AAOS updates Clinical Practice Guideline for management of hip fractures in older adults

Dec. 22, 2021

The American Academy of Orthopaedic Surgeons (AAOS) issued an update to the Clinical Practice Guideline (CPG) for Management of Hip Fractures in Older Adults (age 55 years and older), replacing the 1st edition released in 2014, which initially covered a patient population of 65 years and older.

This edition of the guideline updates over 80% of the evidence-based recommendations included in the previous guideline to refine and improve treatment recommendations for hip fracture patients. Notably, the CPG highlights the important role an interdisciplinary care program plays in decreasing complications and improving outcomes for all hip fracture patients and how this approach to care is an integral component to support many of the recommendations included in this CPG.

The time to surgery following a hip fracture and implementing a multidisciplinary approach to patient care are two significant updates to the recommendations in this guideline. While moderate evidence in 2014 supported the recommendation that hip fracture surgery occurring within 48 hours of admission is associated with better outcomes, recent data from high volume centers with high performance hip fracture programs showed improved outcomes with surgery within 24 hours. The committee provided strong evidence to recommend surgery within 24 to 48 hours to recognize differences in resources available to support surgical care at various facilities.
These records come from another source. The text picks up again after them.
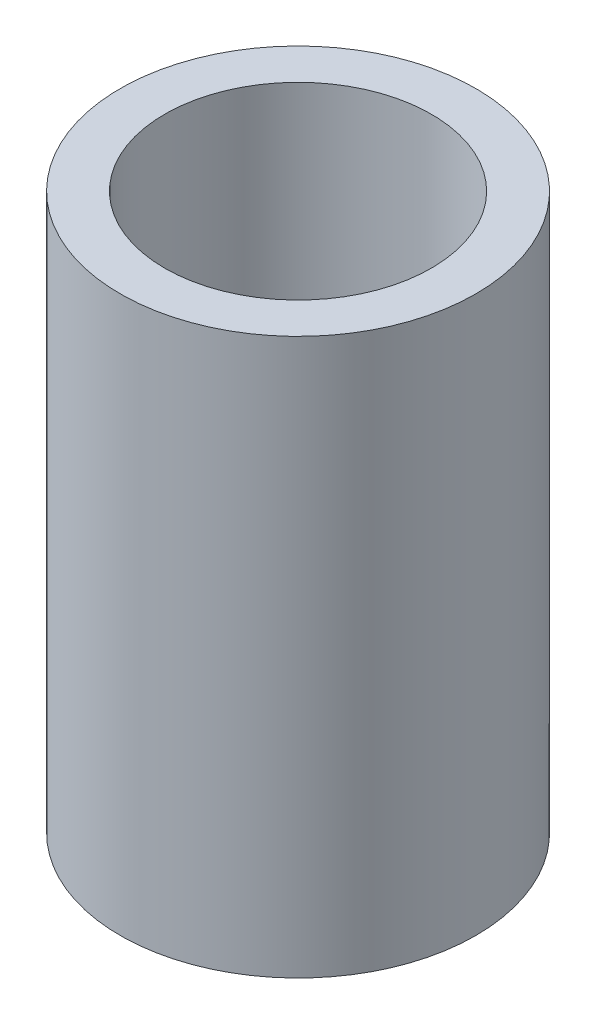
SolidWorks part; units mm, degrees
ref_plane "Front Plane" through (0, 0, 0) normal (0, 0, 1) x (1, 0, 0)
ref_plane "Top Plane" through (0, 0, 0) normal (0, 1, 0) x (1, 0, 0)
ref_plane "Right Plane" through (0, 0, 0) normal (1, 0, 0) x (0, 0, -1)
sketch "Sketch1" plane through (0, 0, 0) normal (0, 1, 0) x (1, 0, 0)
  circle A0 centre (0, 0) radius 6
  dimension "D1" = 12
extrude "Extrude-Thin1" add sketch "Sketch1" along normal blind 25 thin

Interdisciplinary programs that involve providers from multiple disciplines to co-manage individuals with hip fractures were strongly supported in the 2014 edition to improve functional outcomes for patients with mild to moderate dementia. The new recommendation provides strong evidence that expanding this approach to care for all patients with an interdisciplinary approach can decrease mortality and complications and result in improved outcomes.

Additional highlights of the CPG include:

  • Cemented Femoral Stems - The guideline cites strong evidence (updated from moderate) supporting the use of cemented femoral stems for patients undergoing arthroplasty for femoral neck fractures, as they may benefit from reduced periprosthetic fracture risk and improved short time outcomes. However, the CPG does acknowledge that these data show a risk for increased surgical time and blood loss.
  • Surgical Approach - In patients undergoing treatment of femoral neck fractures with hip arthroplasty, the work group found that moderate evidence demonstrates no clear difference in measured outcomes or risk based on the surgical approach—direct anterior, lateral or posterior. This marks a change from the 2014 guidance, in which the posterior surgical approach was not favored because of higher dislocation rates; however, research published since then does not support the superiority of one surgical approach over another.
  • While this CPG evaluates 19 recommendations specifically related to surgical care for hip fractures, the development group did not review current literature or issue recommendations in regard important pre-and post-operative considerations such as preventative measures, bone health and osteoporosis. However, this omission should not imply that this information is not critical to the overall health of hip fracture patients.
  • Development of this CPG was a collaborative effort prepared by the AAOS Hip Fracture in Older Adults Guideline physician development group (clinical experts) with the assistance of the AAOS Clinical Quality and Value (CQV) Department (methodologists).

CPGs are not meant to be stand-alone documents, but rather serve as a point of reference and educational tool for both orthopaedic surgeons and healthcare professionals managing patients with hip fractures. CPGs recommend accepted approaches to treatment and/or diagnosis and are not intended to be a fixed protocol for treatment or diagnosis. Patient care and treatment should always be based on a clinician’s independent medical judgment, giving the individual patient’s specific clinical circumstances.